Monday, March 23, 2009

fly like an eagle

Over the last year and a half or so, I've wondered about writing on my blog a number of times. All of those times have been after at least 4 drinks. Tonight is no different.

I'm starting to understand why the best songs are writtedn by people who are either drunk or high; why every story that moves you is written by an author as famous for his love of the bottle as his works.

I'm not trying to glorify alcohol excesses (though there's no reason why I should even be clarifying that point) but it's fairly clear that liquor brings out the creative best in most people. I have observed people who are so totally wound up under ordinary circumstances that it's difficult to have a balanced conversation with him/her. But throw in a few large measures of single malt and it's as if you've breathed life into a mannequin. It's fuckin unreal.

Recently I've started experiencing chest pain, one of which resulted in a panic call to the cardiologist. Probably gas. Anyway, I drink pretty much what is expected of people my age.....3-4 drinks saturday/sunday. Now here's the good part.....I'm a bloody insomniac during the week. I rarely get sleep before 3 am. I sleep like a baby on weekends. All my problems are stress-related. I've decided that if I'm gonna go, I'm gonna go high. I know I sound ridiculous, but I'm watching my life go by, and I've
realized that I'd rather be a dead drunk than a sober mannequin.

I've been raised with the idea that making mistakes is not acceptable. Insobreity gives me a temporary licence (valid only o my own trippin highway) to think/say/do anything I want without the burden of consequence. Like Clark Kent turning into Superman for a while., red chaddis and balls of steel.....the whole package.


I'd like to quote mr. Bob Marley here. who in all his wisdom taught us......
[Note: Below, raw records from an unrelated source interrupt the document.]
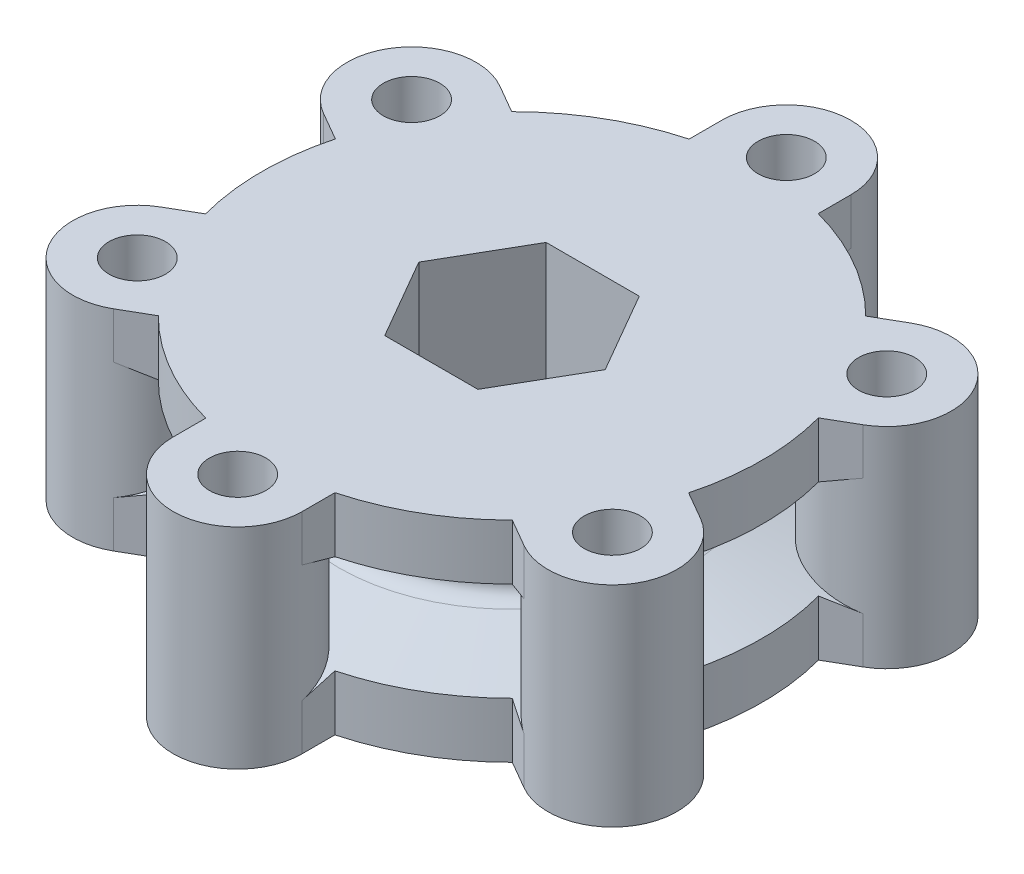
from build123d import *

# Parameters (mm, degrees)
SKETCH1_R           = 31.75
BOSS_EXTRUDE1_DEPTH = 8.255
CUT_EXTRUDE4_DEPTH  = 0.635
CIRPATTERN2_COUNT   = 20
BOSS_EXTRUDE2_REACH = 46.486
SKETCH5_R           = 5.08
SKETCH5_R_2         = 2.2225
BOSS_EXTRUDE6_REACH = 46.486
SKETCH12_R          = 5.08
SKETCH17_R          = 2.2225
CUT_EXTRUDE5_DEPTH  = 43.125921197
CIRPATTERN1_COUNT   = 3
BOSS_EXTRUDE9_REACH = 41.36
SKETCH18_R          = 12.7
FILLET5_R           = 1.27
CUT_EXTRUDE7_DEPTH  = 40.360360407


with BuildPart() as part:
    # Sketch1 → Boss-Extrude1 (new, symmetric)
    with BuildSketch(Plane(origin=(0, 0, 0), x_dir=(1, 0, 0), z_dir=(0, 1, 0))):
        Circle(SKETCH1_R)
    extrude(amount=BOSS_EXTRUDE1_DEPTH, both=True)

    # Sketch9 → Cut-Extrude4 (cut)
    with BuildSketch(Plane.ZY.offset(31.75)):
        Polygon((-0.635, -8.255), (0.635, -8.255), (0.635, 0), (0.635, 8.255), (-0.635, 8.255), (-0.635, 0), align=None)
    cut_extrude4 = extrude(amount=-CUT_EXTRUDE4_DEPTH, mode=Mode.SUBTRACT)

    # CirPattern2: Cut-Extrude4 ×20 about axis
    cirpattern2_axis = Axis((0, -8.255, 0), (0, 1, 0))
    for i in range(1, CIRPATTERN2_COUNT):
        add(cut_extrude4.rotate(cirpattern2_axis, i * 360 / CIRPATTERN2_COUNT), mode=Mode.SUBTRACT)

    # Sketch4 → Cut-Revolve2 (revolve, cut)
    with BuildSketch(Plane.XY):
        Polygon((-31.75, -8.255), (-29.21, -8.255), (-29.21, -6.6675), (-6.35, 0), (-29.21, 6.6675), (-29.21, 8.255), (-31.75, 8.255), align=None)
    revolve(axis=Axis((0, -9.0805, 0), (0, 1, 0)), mode=Mode.SUBTRACT)

    # Sketch5 → Boss-Extrude2 (add, up to next)
    with BuildSketch(Plane(origin=(0, 8.255, 0), x_dir=(1, 0, 0), z_dir=(0, 1, 0)), mode=Mode.PRIVATE) as boss_extrude2_sk1:
        with Locations((0, 21.59)):
            Circle(SKETCH5_R)
        with Locations((0, 21.59)):
            Circle(SKETCH5_R_2, mode=Mode.SUBTRACT)
    boss_extrude2_tool1 = extrude(boss_extrude2_sk1.sketch, amount=-BOSS_EXTRUDE2_REACH, mode=Mode.PRIVATE) - part.part
    boss_extrude2 = boss_extrude2_tool1.solids().sort_by_distance((-4.936316, 8.255, -21.59))[0]
    add(boss_extrude2)

    # Sketch12 → Boss-Extrude6 (add, up to next)
    with BuildSketch(Plane(origin=(0, 8.255, 0), x_dir=(1, 0, 0), z_dir=(0, 1, 0)), mode=Mode.PRIVATE) as boss_extrude6_sk1:
        with Locations((-18.697488468, 10.795)):
            Circle(SKETCH12_R)
    boss_extrude6_tool1 = extrude(boss_extrude6_sk1.sketch, amount=-BOSS_EXTRUDE6_REACH, mode=Mode.PRIVATE) - part.part
    boss_extrude6 = boss_extrude6_tool1.solids().sort_by_distance((-18.697488, 8.255, -10.795))[0]
    add(boss_extrude6)

    # Sketch17 → Cut-Extrude5 (cut, symmetric)
    with BuildSketch(Plane(origin=(0, 0, 0), x_dir=(1, 0, 0), z_dir=(0, 1, 0))):
        with Locations((0, 21.59)):
            Circle(SKETCH17_R)
        with Locations((-18.697488468, 10.795)):
            Circle(SKETCH17_R)
        with Locations((-18.697488468, -10.795)):
            Circle(SKETCH17_R)
        with BuildLine():
            Line((-23.096897519, -13.335), (-25.296602045, -14.605))
            ThreePointArc((-25.296602045, -14.605), (-25.296602045, 14.605), (0, 29.21))
            Line((0, 29.21), (0, 26.67))
            ThreePointArc((0, 26.67), (-3.592102448, 25.182102448), (-5.08, 21.59))
            Line((-5.08, 21.59), (-5.08, 19.018223497))
            ThreePointArc((-5.08, 19.018223497), (-9.8425, 17.047710073), (-13.930264684, 13.9085208))
            Line((-13.930264684, 13.9085208), (-16.157488468, 15.194409051))
            ThreePointArc((-16.157488468, 15.194409051), (-23.096897519, 13.335), (-21.237488468, 6.395590949))
            Line((-21.237488468, 6.395590949), (-19.010264684, 5.109702698))
            ThreePointArc((-19.010264684, 5.109702698), (-19.685, 0), (-19.010264684, -5.109702698))
            Line((-19.010264684, -5.109702698), (-21.237488468, -6.395590949))
            ThreePointArc((-21.237488468, -6.395590949), (-23.604391665, -9.480199251), (-23.096897519, -13.335))
        make_face()
    cut_extrude5 = extrude(amount=CUT_EXTRUDE5_DEPTH, both=True, mode=Mode.SUBTRACT)

    # CirPattern1: Boss-Extrude2, Boss-Extrude6, Cut-Extrude5 ×3 about axis
    cirpattern1_axis = Axis((0, 6.6675, 0), (0, -1, 0))
    add([boss_extrude2.rotate(cirpattern1_axis, i * 360 / CIRPATTERN1_COUNT) for i in range(1, CIRPATTERN1_COUNT)])
    add([boss_extrude6.rotate(cirpattern1_axis, i * 360 / CIRPATTERN1_COUNT) for i in range(1, CIRPATTERN1_COUNT)])
    add([cut_extrude5.rotate(cirpattern1_axis, i * 360 / CIRPATTERN1_COUNT) for i in range(1, CIRPATTERN1_COUNT)], mode=Mode.SUBTRACT)

    # Sketch18 → Boss-Extrude9 (add, up to next)
    with BuildSketch(Plane.XZ.offset(8.255), mode=Mode.PRIVATE) as boss_extrude9_sk1:
        Circle(SKETCH18_R)
    boss_extrude9_tool1 = extrude(boss_extrude9_sk1.sketch, amount=-BOSS_EXTRUDE9_REACH, mode=Mode.PRIVATE) - part.part
    add(boss_extrude9_tool1.solids().sort_by_distance((0, -8.255, 0))[0])

    # Fillet5
    fillet5_edges = [part.edges().sort_by_distance(p)[0] for p in [
        (0, -1.852083333, -12.7),
        (0, 1.852083333, 12.7),
    ]]
    fillet(fillet5_edges, radius=FILLET5_R)

    # Sketch24 → Cut-Extrude7 (cut, through all)
    with BuildSketch(Plane.XZ.offset(8.255)):
        Polygon((3.666174209, -6.35), (7.332348419, 0), (3.666174209, 6.35), (-3.666174209, 6.35), (-7.332348419, 0), (-3.666174209, -6.35), align=None)
    extrude(amount=-CUT_EXTRUDE7_DEPTH, mode=Mode.SUBTRACT)


solid = part.part

Sun is shining, the weather is sweet
Make you want to move your dancing feet
To the rescue, here I am
Want you to know ya, where I stand

(Monday morning) here I am
Want you to know just if you can
(Tuesday evening) where I stand
(Wednesday morning) tell myself a new day is rising
(Thursday evening) get on the rise a new day is dawning
(Friday morning) here I am
(Saturday evening) want you to know just
Want you to know just where I stand

When the morning gathers the rainbow
Want you to know I'm a rainbow too
So, to the rescue here I am
Want you to know just if you can
Where I stand, know, know, know, know, know


Peace. It's good to be back and writing again.